With my son, I think I worry less about the small stuff. The hard work of motherhood is real and important, but my job as a mom is actually pretty simple: Do my best to keep my children in good health and in good company and know that ultimately, their destinies are their own. I always knew that on an intellectual level, but I had my doubts. Surely all those people who offered the unasked-for advice couldn’t all be wrong.
But, again, they were all wrong. Judgment and unasked-for advice, it turns out, are two things that never change.
And there’s another thing that seems not to change: My strange encounters with other moms. When I was a teen mom, I figured that my weird exchanges with other parents at the park could be explained away by the generation gap. They knew something. They’d waited. They had their “improved circumstances.”
My daughter and my son.
Imagine my dismay the first time I took my baby son to the park, thinking I really had it going on this time, that I’d fit in at last, only to realize almost 20 years later that the exact same kind of women seemed to be looking down their noses at me. The only difference was that this time, these uber-moms with their fancy strollers and very specific nursing strategies were younger than me.

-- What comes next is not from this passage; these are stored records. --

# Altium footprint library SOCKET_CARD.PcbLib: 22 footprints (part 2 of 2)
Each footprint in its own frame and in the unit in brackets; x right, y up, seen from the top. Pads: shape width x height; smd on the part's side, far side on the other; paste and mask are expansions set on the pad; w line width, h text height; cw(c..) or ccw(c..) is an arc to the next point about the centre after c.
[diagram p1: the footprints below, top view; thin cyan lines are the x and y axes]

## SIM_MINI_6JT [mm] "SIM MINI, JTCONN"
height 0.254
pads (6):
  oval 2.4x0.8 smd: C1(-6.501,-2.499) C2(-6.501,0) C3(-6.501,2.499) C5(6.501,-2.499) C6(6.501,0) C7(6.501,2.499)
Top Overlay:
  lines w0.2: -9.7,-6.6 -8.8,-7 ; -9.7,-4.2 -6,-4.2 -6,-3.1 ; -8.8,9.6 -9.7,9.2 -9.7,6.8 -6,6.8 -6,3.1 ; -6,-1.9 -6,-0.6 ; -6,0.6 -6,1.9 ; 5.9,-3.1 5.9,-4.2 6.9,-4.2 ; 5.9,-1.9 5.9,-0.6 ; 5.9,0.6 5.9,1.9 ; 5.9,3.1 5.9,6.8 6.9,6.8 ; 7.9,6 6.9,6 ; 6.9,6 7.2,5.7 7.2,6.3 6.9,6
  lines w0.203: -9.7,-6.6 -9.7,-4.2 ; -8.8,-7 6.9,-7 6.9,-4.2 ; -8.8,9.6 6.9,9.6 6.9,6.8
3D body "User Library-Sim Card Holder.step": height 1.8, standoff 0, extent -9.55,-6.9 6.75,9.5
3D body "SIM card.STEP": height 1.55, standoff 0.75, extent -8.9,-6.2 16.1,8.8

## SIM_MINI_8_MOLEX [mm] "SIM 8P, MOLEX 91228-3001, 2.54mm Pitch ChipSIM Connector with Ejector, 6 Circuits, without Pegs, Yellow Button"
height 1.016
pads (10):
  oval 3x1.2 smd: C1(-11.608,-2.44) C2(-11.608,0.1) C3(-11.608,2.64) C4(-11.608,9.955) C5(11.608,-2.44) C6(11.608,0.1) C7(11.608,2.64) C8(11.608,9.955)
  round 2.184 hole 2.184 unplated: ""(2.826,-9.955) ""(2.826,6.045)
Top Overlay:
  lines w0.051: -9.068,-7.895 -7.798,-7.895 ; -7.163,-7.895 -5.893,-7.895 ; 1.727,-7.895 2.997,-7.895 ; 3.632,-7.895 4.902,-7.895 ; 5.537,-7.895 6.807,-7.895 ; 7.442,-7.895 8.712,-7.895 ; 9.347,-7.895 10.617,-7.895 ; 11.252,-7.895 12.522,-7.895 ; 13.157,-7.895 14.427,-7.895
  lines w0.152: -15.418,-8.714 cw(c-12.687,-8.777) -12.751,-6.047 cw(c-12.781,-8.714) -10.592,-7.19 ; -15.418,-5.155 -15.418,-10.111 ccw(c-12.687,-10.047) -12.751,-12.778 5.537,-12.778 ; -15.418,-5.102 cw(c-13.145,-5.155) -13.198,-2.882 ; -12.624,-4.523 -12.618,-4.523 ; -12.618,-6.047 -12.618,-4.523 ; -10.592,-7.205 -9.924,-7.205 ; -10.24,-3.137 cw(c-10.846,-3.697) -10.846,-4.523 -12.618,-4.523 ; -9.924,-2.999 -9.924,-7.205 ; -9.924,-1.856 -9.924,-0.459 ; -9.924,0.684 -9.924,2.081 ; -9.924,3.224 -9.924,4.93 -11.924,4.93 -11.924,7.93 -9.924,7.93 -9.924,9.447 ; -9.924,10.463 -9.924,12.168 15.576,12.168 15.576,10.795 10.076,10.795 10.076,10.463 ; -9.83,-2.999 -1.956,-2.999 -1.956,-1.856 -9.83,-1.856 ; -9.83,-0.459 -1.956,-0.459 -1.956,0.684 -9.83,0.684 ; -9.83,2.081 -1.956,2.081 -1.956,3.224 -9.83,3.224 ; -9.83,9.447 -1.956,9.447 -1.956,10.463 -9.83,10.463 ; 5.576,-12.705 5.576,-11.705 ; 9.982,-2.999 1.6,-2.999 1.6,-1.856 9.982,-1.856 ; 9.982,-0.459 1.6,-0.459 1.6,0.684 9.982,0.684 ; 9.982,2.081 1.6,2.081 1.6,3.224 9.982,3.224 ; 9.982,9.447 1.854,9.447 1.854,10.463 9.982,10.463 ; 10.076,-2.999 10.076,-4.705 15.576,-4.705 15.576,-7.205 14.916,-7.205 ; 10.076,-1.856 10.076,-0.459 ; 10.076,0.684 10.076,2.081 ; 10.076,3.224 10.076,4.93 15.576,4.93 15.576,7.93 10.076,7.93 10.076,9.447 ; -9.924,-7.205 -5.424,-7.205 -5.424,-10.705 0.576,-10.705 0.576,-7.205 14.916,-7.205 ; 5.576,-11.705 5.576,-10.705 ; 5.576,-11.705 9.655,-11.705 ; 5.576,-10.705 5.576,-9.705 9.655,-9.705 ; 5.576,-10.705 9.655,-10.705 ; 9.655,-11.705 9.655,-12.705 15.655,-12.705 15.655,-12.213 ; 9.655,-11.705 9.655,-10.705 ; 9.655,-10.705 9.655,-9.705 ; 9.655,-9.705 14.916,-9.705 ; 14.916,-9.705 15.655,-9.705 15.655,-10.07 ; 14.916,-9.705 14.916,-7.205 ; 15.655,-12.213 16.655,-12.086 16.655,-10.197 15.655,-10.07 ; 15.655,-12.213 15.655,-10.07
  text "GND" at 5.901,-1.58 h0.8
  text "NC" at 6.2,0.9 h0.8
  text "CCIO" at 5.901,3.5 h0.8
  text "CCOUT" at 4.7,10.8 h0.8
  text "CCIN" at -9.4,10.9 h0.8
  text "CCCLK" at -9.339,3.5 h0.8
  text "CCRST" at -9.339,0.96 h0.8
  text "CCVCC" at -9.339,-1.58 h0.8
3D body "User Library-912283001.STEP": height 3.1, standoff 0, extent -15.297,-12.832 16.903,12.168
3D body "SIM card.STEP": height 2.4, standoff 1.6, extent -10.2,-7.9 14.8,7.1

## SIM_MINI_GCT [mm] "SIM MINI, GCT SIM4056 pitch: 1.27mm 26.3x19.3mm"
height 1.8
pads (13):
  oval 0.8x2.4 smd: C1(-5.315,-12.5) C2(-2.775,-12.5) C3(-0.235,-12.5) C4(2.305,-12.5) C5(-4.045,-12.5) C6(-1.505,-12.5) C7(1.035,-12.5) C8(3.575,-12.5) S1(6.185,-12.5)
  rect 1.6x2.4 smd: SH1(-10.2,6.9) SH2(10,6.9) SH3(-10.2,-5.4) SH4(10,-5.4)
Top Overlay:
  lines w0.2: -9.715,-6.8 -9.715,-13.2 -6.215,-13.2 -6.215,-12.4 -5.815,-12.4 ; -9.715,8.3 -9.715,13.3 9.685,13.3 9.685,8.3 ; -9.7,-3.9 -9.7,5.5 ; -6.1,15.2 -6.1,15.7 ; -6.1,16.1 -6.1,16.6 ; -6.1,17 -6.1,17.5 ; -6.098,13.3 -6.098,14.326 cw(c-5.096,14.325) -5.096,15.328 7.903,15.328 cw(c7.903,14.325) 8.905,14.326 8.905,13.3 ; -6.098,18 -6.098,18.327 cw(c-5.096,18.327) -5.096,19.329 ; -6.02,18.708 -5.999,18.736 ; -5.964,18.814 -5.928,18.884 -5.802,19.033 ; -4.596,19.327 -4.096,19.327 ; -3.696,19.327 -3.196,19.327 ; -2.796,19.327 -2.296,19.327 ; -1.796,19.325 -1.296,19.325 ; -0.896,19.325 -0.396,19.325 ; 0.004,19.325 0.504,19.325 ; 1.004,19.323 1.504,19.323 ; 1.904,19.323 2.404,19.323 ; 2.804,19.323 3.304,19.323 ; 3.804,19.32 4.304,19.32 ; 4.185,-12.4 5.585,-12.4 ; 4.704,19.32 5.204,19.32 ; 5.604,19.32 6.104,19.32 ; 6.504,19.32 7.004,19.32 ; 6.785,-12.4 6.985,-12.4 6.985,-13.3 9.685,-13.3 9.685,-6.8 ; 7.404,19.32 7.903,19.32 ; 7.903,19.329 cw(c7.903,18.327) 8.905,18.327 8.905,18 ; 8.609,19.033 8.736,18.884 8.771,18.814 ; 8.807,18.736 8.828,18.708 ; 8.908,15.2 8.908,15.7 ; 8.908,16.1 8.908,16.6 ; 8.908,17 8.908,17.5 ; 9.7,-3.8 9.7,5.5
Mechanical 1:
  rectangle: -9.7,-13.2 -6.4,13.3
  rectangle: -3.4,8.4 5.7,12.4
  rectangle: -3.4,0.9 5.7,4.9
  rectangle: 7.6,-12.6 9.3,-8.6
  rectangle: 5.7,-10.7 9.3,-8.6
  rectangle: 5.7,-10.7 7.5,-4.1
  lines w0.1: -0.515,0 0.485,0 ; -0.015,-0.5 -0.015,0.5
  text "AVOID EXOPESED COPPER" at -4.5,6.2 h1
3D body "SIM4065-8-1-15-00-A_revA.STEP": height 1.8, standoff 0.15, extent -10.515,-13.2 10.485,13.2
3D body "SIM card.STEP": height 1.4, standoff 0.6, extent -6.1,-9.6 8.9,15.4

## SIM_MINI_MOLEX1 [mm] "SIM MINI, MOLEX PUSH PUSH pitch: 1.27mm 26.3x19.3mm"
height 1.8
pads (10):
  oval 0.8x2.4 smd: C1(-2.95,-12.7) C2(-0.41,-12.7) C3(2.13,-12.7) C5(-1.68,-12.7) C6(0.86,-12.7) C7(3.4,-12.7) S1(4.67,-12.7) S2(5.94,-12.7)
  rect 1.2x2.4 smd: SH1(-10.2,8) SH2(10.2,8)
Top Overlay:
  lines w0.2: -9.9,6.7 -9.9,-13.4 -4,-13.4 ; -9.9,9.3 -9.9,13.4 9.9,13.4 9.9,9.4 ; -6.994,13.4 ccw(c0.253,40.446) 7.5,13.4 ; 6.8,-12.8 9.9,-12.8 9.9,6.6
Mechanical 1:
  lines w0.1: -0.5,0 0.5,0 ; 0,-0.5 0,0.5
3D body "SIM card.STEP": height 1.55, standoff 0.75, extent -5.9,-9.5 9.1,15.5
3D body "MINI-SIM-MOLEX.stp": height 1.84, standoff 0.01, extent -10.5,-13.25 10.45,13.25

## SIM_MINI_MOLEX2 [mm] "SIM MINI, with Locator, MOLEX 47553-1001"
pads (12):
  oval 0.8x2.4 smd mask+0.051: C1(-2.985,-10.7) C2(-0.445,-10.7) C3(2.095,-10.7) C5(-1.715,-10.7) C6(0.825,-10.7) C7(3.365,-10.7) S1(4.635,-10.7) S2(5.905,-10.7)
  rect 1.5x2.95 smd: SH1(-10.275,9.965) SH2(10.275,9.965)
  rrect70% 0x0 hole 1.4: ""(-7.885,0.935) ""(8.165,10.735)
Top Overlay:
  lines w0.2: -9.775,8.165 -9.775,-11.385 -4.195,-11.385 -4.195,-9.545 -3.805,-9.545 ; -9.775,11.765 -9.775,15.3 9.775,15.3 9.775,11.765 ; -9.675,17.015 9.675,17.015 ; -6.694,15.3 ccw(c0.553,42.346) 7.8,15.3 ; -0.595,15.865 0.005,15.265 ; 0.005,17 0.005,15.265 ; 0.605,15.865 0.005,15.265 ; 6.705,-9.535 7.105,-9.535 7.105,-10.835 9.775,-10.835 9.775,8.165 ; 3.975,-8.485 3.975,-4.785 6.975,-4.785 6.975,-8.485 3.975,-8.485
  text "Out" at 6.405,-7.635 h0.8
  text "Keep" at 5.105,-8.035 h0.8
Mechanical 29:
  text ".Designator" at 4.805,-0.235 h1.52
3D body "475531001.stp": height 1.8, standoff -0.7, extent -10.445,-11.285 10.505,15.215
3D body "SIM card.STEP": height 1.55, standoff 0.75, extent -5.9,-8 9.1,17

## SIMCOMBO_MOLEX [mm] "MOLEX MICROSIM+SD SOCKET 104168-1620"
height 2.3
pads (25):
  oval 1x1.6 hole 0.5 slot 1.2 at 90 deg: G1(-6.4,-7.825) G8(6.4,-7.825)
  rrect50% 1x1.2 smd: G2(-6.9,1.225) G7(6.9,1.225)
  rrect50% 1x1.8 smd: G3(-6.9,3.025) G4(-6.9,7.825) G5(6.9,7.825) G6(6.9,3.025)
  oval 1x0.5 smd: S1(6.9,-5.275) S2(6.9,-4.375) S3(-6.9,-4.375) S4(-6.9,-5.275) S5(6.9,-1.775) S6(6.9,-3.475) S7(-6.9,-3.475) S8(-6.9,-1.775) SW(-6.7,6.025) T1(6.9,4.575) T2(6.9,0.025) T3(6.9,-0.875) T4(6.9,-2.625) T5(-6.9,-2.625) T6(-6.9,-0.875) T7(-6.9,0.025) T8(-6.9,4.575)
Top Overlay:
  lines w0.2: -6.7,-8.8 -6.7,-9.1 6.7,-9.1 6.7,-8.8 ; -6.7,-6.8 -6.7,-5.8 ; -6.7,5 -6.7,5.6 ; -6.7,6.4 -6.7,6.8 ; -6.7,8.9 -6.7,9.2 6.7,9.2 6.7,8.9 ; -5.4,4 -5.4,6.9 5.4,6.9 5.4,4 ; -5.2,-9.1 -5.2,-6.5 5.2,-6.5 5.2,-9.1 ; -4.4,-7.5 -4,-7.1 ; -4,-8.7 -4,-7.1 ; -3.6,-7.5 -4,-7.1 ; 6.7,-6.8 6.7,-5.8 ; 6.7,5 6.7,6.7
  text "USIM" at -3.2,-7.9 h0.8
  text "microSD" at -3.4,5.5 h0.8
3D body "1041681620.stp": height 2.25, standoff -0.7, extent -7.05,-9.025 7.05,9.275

They wanted to know how long I planned to nurse, they wanted to know what my “husband” did even though I gave them no reason to think I had one, and they wanted to know when I was going “back to work.”
“We’re not vaccinating,” one mother tells me as she pushes her daughter in the baby swing. “Vaccines can be deadly, you know? Are you planning to vaccinate?”
I just shake my head. By now I’ve spent too much of my life trying to explain myself. “I don’t know anything about his vaccine schedule,” I lie. “I’m just the grandma.”